Two norms $\|.\|_1$ , $\|.\|_2$ defined on a normed linear space N are such that N forms a Banach space with respect to both the norms.Then $||.||_1$ and $||.||_2$ are equivalent if and only if $\tau_{||.||_1}$ $\subseteq$ $\tau_{||.||_2}$ where $\tau_{||.||_1}$ and $\tau_{||.||_2}$ are topologies induced by $||.||_1$ and $||.||_2$ respectively.
I presume that this could be a consequence of OPEN MAPPPING THEOREM, but I am having problem in showing the incomparability of the topologies.

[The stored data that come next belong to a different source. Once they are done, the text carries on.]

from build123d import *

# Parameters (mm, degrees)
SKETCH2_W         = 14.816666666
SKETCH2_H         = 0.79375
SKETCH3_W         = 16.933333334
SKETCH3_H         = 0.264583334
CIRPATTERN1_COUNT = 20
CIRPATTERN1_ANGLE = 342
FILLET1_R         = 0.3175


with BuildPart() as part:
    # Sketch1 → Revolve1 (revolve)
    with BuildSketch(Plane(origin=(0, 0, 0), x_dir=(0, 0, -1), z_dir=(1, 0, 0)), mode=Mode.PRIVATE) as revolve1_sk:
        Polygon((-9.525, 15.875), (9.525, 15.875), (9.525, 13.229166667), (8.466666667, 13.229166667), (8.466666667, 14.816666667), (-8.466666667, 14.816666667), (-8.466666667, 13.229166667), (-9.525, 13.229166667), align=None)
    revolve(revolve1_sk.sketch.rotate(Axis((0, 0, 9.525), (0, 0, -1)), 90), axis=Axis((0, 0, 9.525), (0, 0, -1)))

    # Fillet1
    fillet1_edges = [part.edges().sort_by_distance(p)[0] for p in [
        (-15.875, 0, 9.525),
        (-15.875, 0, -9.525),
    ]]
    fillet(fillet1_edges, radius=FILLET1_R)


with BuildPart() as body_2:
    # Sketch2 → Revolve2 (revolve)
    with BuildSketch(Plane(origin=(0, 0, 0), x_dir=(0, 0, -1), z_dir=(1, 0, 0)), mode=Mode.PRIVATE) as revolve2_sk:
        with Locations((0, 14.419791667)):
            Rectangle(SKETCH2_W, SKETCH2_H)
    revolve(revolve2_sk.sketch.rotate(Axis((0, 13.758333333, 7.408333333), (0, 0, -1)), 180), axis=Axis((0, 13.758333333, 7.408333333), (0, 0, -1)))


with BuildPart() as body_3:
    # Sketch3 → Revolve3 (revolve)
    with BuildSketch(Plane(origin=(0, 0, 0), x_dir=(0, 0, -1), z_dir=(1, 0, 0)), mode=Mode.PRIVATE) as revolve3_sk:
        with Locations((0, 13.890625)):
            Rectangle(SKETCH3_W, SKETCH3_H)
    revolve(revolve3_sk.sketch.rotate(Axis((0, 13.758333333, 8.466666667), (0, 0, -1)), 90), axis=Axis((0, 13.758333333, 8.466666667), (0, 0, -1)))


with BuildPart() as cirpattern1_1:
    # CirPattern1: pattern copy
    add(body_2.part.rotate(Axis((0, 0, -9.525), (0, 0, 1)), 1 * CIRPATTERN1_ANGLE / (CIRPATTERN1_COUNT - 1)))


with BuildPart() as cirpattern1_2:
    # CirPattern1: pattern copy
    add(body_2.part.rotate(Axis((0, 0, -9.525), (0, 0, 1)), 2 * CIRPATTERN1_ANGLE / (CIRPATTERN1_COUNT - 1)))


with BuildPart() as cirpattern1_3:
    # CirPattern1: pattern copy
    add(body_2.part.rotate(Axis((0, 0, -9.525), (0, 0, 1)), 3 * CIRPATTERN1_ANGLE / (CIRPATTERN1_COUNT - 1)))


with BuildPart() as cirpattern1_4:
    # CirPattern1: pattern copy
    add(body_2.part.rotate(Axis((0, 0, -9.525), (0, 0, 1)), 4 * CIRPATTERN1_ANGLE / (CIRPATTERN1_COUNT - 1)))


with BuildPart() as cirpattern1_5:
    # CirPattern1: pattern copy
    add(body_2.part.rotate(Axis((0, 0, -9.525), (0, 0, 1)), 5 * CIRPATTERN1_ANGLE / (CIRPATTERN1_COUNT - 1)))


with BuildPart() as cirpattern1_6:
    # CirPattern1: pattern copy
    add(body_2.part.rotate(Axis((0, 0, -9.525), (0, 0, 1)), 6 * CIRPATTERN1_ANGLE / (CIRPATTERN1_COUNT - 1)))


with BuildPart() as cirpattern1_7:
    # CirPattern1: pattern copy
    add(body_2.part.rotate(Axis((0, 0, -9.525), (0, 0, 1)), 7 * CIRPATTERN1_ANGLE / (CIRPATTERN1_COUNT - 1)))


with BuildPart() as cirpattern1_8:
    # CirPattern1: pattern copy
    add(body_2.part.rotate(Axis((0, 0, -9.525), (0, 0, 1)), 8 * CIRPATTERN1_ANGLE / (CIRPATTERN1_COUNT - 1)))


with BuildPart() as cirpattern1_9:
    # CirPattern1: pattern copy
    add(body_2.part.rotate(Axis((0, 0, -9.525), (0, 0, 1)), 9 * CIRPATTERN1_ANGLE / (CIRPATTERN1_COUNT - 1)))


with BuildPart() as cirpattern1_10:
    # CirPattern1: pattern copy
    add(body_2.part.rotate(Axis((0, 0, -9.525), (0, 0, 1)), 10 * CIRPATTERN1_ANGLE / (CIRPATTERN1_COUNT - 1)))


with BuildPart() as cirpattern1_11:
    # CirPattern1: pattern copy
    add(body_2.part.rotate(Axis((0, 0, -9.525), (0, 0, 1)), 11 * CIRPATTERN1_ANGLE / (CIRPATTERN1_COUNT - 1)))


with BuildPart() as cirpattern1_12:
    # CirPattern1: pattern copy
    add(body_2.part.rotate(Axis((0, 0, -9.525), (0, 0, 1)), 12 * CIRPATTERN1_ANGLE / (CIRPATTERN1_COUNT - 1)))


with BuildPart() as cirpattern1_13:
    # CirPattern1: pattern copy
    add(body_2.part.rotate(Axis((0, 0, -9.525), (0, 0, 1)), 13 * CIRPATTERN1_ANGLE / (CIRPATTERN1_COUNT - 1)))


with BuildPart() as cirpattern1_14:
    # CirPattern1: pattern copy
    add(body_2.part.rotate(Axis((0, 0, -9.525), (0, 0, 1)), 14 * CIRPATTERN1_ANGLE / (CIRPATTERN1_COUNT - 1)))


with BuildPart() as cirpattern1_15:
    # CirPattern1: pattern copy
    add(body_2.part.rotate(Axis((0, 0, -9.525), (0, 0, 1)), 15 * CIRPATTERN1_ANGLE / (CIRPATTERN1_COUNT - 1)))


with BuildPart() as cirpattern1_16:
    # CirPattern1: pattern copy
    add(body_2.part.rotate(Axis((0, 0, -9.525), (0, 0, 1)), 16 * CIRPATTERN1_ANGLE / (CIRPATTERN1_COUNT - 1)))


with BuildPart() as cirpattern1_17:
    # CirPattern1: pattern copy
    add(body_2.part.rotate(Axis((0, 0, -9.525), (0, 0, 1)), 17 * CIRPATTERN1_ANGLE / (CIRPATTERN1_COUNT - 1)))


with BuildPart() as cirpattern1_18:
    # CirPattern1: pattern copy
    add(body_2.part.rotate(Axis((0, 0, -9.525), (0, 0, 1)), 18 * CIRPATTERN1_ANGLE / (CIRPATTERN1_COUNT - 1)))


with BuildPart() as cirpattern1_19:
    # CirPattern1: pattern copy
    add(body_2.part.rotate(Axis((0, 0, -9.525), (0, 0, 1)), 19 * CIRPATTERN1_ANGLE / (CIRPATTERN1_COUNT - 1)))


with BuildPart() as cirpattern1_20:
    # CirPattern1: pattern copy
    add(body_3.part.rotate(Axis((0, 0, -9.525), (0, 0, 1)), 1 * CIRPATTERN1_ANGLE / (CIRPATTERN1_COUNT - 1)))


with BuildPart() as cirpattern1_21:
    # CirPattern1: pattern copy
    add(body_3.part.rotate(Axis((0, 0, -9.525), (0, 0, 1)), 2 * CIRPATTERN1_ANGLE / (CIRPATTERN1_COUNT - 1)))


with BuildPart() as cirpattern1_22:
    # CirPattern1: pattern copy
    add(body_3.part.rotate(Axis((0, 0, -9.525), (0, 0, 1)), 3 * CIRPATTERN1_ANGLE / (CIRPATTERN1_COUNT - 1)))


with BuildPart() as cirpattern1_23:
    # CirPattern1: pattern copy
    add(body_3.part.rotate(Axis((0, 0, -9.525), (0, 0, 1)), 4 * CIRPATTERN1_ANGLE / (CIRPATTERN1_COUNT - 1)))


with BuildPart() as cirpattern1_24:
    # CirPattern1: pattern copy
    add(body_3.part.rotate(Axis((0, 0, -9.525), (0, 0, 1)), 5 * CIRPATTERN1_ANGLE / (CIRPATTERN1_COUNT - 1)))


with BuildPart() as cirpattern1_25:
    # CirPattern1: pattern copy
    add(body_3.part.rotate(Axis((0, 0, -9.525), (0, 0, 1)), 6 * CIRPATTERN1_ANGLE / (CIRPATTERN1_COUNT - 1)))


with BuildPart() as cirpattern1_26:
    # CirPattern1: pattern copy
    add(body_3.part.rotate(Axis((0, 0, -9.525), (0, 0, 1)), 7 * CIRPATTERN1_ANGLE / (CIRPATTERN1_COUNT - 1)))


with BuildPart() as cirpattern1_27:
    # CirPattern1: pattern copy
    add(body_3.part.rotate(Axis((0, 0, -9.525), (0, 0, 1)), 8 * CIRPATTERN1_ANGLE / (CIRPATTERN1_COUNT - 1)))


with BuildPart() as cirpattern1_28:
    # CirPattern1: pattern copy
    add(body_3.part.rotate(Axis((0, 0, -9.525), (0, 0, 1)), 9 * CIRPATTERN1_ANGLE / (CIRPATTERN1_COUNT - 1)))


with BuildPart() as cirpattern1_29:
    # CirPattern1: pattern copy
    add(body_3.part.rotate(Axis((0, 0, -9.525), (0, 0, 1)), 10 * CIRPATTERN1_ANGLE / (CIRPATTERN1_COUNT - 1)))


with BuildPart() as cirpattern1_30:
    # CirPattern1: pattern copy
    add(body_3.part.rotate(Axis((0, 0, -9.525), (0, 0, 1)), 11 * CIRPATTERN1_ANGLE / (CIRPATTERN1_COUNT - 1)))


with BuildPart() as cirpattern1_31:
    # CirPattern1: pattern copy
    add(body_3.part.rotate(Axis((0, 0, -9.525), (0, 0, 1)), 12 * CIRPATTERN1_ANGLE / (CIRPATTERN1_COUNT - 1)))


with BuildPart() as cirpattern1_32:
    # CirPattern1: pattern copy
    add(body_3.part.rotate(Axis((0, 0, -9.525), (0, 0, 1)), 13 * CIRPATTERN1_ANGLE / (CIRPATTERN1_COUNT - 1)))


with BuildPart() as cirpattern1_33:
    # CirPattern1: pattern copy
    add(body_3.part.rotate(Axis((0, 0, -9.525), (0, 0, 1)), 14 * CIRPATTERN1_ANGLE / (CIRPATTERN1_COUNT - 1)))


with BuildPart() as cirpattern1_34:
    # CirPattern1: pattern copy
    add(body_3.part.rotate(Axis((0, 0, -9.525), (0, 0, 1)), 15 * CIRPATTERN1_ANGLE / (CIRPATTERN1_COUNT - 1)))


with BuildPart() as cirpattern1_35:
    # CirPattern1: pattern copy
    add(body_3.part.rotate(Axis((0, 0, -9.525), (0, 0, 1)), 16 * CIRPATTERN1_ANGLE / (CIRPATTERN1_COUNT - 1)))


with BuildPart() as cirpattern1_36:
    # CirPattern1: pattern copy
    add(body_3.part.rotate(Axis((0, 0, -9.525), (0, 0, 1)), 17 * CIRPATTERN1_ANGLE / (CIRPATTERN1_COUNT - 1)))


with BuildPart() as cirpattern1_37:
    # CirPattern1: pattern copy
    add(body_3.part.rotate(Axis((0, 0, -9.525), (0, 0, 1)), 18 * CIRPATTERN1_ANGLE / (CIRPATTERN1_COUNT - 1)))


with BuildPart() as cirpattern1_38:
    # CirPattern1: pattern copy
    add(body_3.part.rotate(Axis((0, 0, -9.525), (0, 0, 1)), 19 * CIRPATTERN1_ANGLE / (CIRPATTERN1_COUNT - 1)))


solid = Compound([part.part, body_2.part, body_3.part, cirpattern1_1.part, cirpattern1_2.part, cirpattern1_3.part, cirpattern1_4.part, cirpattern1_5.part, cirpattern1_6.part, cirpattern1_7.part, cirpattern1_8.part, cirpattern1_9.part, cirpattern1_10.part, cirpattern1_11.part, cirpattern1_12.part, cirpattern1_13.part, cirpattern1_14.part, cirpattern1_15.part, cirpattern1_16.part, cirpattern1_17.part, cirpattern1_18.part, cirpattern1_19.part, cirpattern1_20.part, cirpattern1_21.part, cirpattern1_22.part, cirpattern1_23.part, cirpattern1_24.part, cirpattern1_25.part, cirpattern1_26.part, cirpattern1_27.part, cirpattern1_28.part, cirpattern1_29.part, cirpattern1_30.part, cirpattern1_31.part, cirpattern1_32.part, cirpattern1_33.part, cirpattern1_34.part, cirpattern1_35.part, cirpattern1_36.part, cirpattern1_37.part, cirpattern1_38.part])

[$\Rightarrow$] Let $(N,\|.\|_1)$ be equivalent to $(N,\|.\|_2)$. Then it follows that the identity map $I: (N,\|.\|_1) \rightarrow (N,\|.\|_2)$ is a homeomorphism: it clearly is linear and bijective, and the condition of equivalent norms is equivalent to $I$ and $I^{-1}$ being bounded. Consequently, $$I(\tau_{\|.\|_1}) \subseteq \tau_{\|.\|_2}.$$
[$\Leftarrow$] Let $\tau_{||.||_1} \subseteq \tau_{||.||_2}$. Then, $I^{-1}$ as defined above continuous and therefore, bounded. By the open mapping theorem, it is a homeomorphism, which implies that $I$ is bounded.